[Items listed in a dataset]
##############################

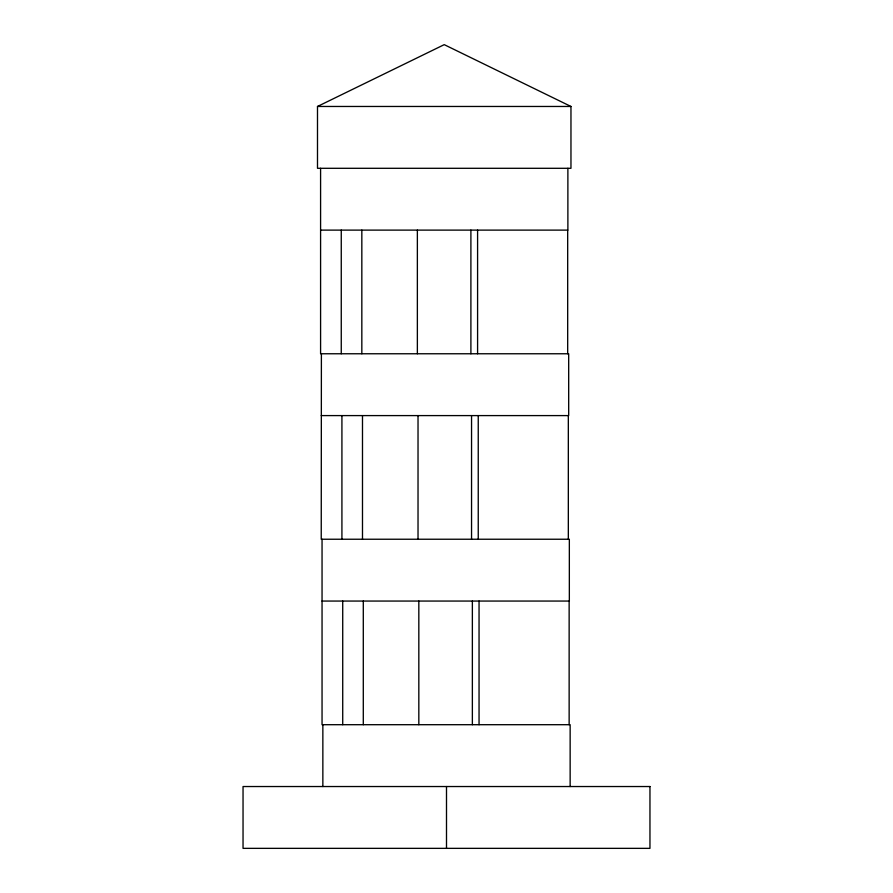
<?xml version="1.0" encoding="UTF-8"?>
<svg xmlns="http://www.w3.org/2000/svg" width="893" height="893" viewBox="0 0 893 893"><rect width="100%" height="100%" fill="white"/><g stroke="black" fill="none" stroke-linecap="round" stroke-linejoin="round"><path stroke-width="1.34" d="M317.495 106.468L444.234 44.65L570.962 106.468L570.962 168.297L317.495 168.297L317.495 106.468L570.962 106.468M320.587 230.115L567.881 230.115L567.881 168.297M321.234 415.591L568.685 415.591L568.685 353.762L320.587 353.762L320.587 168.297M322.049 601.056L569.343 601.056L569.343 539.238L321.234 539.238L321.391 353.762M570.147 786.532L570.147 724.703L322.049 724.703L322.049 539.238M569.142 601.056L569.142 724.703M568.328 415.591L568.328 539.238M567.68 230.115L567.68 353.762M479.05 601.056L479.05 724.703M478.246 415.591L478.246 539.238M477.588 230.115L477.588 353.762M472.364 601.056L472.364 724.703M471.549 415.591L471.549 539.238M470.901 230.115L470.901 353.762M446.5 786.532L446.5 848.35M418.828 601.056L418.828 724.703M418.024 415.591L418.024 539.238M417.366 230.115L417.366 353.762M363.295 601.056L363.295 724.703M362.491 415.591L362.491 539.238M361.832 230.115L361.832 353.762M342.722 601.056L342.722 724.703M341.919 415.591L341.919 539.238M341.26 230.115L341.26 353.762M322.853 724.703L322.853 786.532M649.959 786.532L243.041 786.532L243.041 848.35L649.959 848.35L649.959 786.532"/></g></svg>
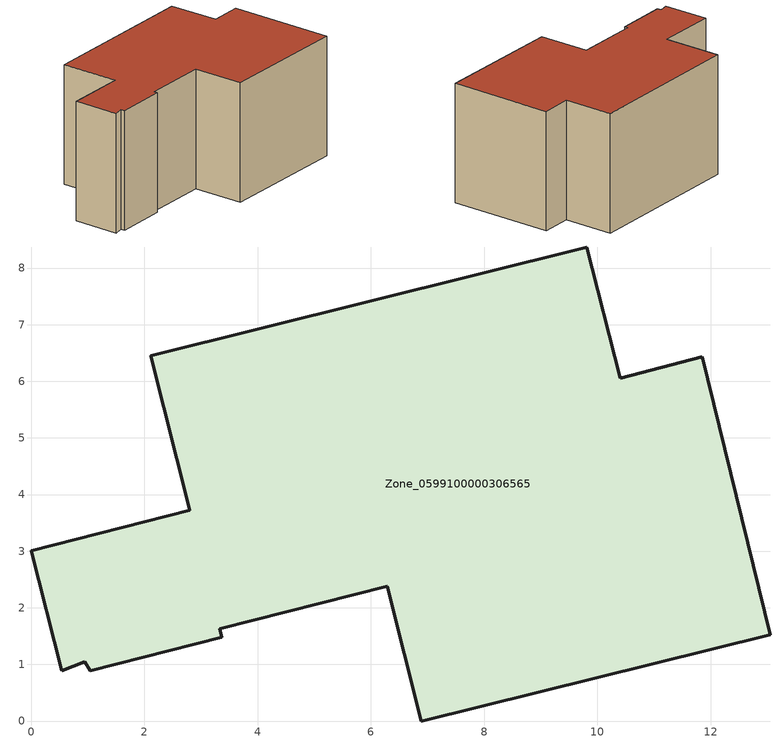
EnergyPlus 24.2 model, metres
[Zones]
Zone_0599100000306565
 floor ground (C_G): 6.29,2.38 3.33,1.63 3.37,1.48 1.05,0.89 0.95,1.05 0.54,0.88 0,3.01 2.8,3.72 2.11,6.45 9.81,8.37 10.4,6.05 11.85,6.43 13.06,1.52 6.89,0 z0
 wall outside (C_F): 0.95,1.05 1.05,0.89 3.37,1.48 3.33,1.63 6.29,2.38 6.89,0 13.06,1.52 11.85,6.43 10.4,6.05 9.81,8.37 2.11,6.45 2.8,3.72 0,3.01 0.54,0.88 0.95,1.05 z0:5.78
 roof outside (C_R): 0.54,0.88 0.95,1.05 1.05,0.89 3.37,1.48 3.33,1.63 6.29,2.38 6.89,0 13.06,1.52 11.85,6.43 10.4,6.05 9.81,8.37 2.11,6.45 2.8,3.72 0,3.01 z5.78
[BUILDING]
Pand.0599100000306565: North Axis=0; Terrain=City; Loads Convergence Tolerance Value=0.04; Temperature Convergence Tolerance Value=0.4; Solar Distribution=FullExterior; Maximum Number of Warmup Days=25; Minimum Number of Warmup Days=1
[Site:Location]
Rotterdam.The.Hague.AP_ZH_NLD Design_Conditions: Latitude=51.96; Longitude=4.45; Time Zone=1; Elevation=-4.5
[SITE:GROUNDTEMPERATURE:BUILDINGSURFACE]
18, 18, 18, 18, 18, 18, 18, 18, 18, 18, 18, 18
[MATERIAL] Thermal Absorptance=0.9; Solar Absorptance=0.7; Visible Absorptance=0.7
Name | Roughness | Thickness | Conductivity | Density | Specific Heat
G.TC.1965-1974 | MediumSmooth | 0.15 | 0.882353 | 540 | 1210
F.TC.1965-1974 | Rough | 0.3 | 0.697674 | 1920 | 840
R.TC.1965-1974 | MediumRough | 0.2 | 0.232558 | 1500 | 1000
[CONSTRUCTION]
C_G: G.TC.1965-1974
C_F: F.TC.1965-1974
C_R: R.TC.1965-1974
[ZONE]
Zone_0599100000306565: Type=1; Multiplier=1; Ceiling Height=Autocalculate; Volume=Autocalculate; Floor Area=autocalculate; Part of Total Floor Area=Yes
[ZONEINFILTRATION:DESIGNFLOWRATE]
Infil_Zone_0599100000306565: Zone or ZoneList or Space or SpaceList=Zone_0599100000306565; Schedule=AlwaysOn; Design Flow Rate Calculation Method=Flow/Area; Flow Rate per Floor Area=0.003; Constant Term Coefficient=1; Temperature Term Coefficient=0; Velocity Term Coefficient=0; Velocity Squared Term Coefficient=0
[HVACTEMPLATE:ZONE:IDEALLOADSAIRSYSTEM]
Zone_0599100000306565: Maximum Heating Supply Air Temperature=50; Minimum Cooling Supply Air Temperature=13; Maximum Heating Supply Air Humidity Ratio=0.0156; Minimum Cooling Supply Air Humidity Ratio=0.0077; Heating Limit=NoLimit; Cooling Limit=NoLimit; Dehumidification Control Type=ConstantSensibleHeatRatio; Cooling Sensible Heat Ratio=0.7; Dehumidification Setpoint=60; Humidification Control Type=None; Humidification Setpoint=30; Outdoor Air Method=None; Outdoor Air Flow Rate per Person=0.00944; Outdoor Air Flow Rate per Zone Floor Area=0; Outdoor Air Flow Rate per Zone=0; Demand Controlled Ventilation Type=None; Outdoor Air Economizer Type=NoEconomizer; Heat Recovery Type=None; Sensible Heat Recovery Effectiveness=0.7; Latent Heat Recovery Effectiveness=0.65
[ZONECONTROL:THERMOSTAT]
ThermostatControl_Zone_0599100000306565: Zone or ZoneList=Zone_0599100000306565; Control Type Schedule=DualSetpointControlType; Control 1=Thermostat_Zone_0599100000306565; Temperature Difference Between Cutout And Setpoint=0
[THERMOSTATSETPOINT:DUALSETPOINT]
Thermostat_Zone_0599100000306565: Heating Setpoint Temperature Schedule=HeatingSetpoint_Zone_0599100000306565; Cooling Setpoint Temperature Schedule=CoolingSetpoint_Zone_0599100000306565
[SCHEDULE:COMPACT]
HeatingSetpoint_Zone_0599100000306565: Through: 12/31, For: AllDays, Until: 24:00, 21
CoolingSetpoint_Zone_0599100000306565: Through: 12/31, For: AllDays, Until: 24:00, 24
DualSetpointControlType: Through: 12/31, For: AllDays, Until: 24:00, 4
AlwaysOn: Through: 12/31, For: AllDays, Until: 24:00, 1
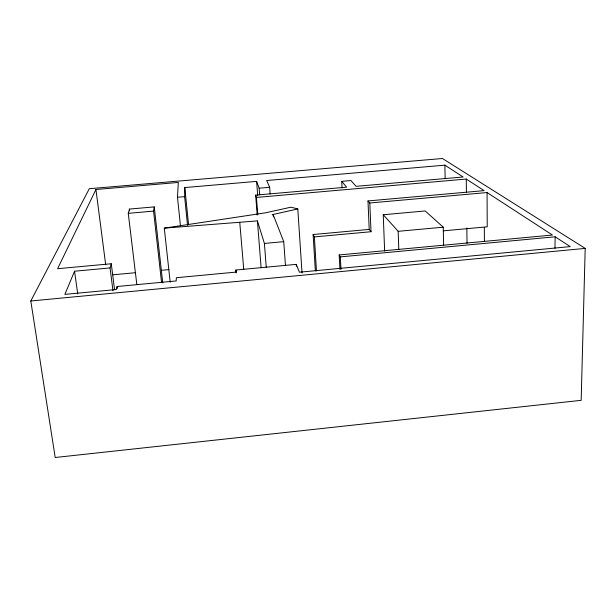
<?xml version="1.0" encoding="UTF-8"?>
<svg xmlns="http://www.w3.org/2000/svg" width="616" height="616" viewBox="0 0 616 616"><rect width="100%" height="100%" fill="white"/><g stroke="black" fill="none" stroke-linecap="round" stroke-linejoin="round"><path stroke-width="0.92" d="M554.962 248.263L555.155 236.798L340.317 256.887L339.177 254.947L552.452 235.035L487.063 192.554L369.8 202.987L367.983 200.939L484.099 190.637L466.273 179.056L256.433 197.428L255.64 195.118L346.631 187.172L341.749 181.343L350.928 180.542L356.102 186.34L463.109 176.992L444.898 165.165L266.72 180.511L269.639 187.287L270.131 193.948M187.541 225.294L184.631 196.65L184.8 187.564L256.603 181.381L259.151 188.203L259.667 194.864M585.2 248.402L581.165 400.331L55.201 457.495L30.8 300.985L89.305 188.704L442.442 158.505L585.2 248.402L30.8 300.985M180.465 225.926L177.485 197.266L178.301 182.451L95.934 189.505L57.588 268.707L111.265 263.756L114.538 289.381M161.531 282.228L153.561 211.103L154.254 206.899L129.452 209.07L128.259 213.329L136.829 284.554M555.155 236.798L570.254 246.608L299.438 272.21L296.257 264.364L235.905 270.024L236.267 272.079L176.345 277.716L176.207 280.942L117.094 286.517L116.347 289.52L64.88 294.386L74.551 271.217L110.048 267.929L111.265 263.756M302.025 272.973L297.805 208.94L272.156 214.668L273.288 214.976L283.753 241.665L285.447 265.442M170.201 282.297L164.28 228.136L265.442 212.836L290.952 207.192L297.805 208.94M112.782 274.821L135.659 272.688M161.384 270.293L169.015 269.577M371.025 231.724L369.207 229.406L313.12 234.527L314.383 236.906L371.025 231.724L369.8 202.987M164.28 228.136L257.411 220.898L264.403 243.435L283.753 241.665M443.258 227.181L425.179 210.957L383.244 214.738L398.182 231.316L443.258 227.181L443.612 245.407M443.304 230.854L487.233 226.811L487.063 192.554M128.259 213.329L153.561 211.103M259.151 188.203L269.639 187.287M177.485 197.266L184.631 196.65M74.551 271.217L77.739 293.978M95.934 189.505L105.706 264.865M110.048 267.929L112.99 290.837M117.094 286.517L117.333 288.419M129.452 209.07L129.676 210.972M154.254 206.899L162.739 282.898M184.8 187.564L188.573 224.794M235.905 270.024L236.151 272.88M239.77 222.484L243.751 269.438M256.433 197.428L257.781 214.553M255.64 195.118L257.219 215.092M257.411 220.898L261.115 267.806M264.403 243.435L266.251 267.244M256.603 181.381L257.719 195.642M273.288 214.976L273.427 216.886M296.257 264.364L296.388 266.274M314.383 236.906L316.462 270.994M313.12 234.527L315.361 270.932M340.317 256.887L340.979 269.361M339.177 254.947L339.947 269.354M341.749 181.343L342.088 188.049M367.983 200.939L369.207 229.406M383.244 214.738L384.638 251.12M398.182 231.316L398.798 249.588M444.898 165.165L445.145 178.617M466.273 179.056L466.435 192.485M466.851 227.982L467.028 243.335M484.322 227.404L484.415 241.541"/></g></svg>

##############################

▶ **DIRECTIONS**:
Going back to the entries above, set down exactly the lines that begin at the one with "Name | Roughness" and end at the one with "[ZONEINFILTRATION:DESIGNFLOWRATE]", both included, and nothing else.

▶ **OUTPUT OF THE EXERCISE**:
Name | Roughness | Thickness | Conductivity | Density | Specific Heat
G.TC.1965-1974 | MediumSmooth | 0.15 | 0.882353 | 540 | 1210
F.TC.1965-1974 | Rough | 0.3 | 0.697674 | 1920 | 840
R.TC.1965-1974 | MediumRough | 0.2 | 0.232558 | 1500 | 1000
[CONSTRUCTION]
C_G: G.TC.1965-1974
C_F: F.TC.1965-1974
C_R: R.TC.1965-1974
[ZONE]
Zone_0599100000306565: Type=1; Multiplier=1; Ceiling Height=Autocalculate; Volume=Autocalculate; Floor Area=autocalculate; Part of Total Floor Area=Yes
[ZONEINFILTRATION:DESIGNFLOWRATE]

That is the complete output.